Among the lines listed below, count those that include the string "above", and state only the count.

(Data entries)
--*--

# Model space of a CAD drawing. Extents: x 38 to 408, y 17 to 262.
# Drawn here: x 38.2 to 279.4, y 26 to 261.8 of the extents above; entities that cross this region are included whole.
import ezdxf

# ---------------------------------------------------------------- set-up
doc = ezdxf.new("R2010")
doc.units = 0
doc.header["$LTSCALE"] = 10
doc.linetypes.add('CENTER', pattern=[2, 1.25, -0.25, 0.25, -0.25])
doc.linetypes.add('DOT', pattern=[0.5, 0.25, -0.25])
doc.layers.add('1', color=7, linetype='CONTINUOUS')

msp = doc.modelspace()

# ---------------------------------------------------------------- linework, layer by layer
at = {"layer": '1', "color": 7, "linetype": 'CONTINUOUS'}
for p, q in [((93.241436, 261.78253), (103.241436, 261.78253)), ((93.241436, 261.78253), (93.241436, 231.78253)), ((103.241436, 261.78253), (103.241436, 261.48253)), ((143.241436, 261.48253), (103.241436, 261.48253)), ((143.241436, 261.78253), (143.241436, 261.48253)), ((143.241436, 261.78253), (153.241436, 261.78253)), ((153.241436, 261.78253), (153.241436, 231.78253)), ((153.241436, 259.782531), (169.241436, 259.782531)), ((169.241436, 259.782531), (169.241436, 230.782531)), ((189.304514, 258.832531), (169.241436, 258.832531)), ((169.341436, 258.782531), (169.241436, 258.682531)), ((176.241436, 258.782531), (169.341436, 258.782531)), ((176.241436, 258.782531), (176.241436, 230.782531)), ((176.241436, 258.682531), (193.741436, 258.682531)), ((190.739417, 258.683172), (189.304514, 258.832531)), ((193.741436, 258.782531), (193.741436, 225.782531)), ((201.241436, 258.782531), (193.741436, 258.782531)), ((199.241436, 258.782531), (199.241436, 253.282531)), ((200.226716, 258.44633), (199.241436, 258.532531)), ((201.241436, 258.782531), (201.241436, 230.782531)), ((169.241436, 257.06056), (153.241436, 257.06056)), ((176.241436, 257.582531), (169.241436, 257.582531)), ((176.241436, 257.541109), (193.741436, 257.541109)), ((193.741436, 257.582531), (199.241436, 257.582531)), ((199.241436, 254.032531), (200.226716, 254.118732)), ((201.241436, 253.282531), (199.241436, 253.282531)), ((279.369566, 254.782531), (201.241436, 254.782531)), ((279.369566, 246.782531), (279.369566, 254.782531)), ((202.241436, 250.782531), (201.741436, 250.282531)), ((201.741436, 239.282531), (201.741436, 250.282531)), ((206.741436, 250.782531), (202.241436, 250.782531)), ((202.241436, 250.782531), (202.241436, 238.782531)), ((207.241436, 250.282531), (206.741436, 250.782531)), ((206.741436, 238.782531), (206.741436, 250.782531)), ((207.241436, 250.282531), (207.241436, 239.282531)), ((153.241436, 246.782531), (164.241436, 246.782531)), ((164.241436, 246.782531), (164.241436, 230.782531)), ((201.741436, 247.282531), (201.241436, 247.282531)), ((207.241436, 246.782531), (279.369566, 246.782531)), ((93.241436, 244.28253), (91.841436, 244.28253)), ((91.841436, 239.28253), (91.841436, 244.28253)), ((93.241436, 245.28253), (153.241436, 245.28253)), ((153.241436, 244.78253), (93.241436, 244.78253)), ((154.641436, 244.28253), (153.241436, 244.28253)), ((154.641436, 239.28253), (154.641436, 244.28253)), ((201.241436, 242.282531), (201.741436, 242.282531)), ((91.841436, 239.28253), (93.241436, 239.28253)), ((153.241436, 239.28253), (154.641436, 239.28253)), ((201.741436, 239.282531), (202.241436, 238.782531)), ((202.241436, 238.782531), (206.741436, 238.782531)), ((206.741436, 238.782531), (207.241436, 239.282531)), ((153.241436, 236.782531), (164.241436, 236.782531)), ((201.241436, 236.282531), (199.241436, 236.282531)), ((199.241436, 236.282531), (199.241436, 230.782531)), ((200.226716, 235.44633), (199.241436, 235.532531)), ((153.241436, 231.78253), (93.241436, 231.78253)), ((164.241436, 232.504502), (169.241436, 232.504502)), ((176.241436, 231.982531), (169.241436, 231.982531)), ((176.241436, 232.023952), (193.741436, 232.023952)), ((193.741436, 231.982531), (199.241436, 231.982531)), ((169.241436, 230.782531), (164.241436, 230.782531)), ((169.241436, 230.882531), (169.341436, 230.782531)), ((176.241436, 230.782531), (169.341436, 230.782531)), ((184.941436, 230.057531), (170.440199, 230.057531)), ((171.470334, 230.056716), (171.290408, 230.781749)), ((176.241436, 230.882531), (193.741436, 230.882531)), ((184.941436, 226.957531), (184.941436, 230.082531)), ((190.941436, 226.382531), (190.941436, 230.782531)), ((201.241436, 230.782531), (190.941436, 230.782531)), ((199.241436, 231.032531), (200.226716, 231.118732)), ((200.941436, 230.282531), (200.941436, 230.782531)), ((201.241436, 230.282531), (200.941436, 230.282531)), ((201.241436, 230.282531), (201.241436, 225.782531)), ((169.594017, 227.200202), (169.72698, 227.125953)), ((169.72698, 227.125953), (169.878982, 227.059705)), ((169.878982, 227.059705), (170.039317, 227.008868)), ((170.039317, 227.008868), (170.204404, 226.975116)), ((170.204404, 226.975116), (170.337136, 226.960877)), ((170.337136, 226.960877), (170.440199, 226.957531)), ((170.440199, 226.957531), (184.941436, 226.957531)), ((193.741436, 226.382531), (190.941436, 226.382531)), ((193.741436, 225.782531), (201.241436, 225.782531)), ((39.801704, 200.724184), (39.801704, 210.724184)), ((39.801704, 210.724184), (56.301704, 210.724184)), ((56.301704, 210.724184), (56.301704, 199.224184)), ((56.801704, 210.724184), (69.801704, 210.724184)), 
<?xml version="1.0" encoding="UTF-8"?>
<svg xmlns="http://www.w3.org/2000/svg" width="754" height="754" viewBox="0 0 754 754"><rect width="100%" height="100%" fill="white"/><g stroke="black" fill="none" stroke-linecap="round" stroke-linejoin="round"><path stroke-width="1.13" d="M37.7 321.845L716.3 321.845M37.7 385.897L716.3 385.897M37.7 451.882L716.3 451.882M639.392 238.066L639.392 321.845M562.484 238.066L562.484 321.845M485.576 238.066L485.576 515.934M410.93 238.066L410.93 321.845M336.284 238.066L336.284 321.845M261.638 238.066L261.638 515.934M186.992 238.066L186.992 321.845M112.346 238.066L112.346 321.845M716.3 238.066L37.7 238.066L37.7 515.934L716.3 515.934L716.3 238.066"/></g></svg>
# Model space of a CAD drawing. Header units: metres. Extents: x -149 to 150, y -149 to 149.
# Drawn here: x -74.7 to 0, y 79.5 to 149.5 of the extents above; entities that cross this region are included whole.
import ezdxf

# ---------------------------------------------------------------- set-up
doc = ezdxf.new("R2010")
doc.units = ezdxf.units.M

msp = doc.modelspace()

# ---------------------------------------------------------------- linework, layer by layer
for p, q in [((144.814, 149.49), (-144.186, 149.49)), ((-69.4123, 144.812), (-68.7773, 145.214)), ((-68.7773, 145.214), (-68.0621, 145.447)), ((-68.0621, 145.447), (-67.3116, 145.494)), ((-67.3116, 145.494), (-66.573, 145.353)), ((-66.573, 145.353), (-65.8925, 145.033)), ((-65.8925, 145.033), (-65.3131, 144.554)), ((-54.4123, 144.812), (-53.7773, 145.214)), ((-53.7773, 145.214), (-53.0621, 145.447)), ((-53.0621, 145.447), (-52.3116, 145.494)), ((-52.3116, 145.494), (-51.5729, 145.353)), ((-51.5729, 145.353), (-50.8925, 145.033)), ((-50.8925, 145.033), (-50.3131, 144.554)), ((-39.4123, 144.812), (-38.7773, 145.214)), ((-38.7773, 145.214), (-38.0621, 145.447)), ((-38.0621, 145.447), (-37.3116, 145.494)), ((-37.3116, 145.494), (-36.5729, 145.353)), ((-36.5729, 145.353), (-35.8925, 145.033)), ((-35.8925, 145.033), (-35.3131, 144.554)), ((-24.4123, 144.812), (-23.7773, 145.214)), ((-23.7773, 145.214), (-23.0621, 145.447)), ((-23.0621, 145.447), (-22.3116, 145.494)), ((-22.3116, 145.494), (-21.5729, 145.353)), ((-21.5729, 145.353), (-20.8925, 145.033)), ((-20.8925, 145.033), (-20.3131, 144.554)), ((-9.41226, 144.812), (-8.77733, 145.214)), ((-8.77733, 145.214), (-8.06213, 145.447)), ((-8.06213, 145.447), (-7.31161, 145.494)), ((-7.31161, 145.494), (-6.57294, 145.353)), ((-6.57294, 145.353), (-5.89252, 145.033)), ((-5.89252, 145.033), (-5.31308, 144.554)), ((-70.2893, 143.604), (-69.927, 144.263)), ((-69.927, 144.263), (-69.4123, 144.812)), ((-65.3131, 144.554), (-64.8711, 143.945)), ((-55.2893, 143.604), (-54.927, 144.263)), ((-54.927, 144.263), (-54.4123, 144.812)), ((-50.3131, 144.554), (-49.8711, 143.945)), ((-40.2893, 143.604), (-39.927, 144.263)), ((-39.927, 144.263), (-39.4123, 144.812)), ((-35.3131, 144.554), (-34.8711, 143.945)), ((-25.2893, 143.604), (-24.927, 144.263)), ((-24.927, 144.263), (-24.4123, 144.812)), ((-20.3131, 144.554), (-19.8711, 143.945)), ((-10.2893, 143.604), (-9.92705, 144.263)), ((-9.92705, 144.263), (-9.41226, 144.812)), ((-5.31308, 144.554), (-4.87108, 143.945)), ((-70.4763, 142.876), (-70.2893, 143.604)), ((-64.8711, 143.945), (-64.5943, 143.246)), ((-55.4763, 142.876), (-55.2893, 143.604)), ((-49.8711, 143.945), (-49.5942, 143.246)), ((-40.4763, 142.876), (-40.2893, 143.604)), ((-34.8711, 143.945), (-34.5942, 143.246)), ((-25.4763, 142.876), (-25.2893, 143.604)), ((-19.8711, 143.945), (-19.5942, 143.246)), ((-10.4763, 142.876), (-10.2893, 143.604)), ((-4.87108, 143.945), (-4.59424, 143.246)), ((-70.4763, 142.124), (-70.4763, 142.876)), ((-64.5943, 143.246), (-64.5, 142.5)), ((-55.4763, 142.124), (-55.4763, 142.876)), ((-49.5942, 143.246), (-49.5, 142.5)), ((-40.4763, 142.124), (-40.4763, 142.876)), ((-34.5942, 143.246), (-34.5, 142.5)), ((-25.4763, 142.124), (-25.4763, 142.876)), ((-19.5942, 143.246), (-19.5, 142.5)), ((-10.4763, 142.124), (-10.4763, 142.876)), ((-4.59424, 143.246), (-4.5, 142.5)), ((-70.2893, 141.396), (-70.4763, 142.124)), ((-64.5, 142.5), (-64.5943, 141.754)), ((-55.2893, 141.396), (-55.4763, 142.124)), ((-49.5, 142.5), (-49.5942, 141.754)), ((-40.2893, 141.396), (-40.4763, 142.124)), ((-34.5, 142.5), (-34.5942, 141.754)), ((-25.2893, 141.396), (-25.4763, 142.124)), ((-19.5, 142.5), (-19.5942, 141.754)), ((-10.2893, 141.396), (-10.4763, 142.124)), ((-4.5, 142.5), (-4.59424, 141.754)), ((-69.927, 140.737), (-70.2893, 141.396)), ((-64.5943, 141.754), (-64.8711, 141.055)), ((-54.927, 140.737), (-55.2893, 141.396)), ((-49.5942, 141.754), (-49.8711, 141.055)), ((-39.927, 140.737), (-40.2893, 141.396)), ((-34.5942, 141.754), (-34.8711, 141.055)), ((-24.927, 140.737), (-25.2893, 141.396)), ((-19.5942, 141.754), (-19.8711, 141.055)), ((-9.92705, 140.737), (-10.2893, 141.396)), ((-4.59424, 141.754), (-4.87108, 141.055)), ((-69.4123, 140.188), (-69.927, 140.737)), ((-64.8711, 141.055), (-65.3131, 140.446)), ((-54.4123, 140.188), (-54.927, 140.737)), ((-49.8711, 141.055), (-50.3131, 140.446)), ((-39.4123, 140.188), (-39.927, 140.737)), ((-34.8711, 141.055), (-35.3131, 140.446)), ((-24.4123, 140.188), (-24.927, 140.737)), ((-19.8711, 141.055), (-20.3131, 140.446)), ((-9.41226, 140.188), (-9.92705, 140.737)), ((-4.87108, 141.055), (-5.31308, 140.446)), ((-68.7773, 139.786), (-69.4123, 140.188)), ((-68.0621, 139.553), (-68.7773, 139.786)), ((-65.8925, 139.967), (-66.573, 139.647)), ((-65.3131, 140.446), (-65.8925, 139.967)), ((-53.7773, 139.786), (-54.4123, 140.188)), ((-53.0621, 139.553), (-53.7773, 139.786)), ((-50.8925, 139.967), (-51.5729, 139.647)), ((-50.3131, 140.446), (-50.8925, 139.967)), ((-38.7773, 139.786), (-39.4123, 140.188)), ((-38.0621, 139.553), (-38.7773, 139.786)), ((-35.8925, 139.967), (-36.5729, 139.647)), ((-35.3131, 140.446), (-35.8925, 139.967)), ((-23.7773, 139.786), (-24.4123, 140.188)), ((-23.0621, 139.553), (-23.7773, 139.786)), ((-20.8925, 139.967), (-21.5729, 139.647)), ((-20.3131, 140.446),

--*--

# WRITTEN ANSWER
2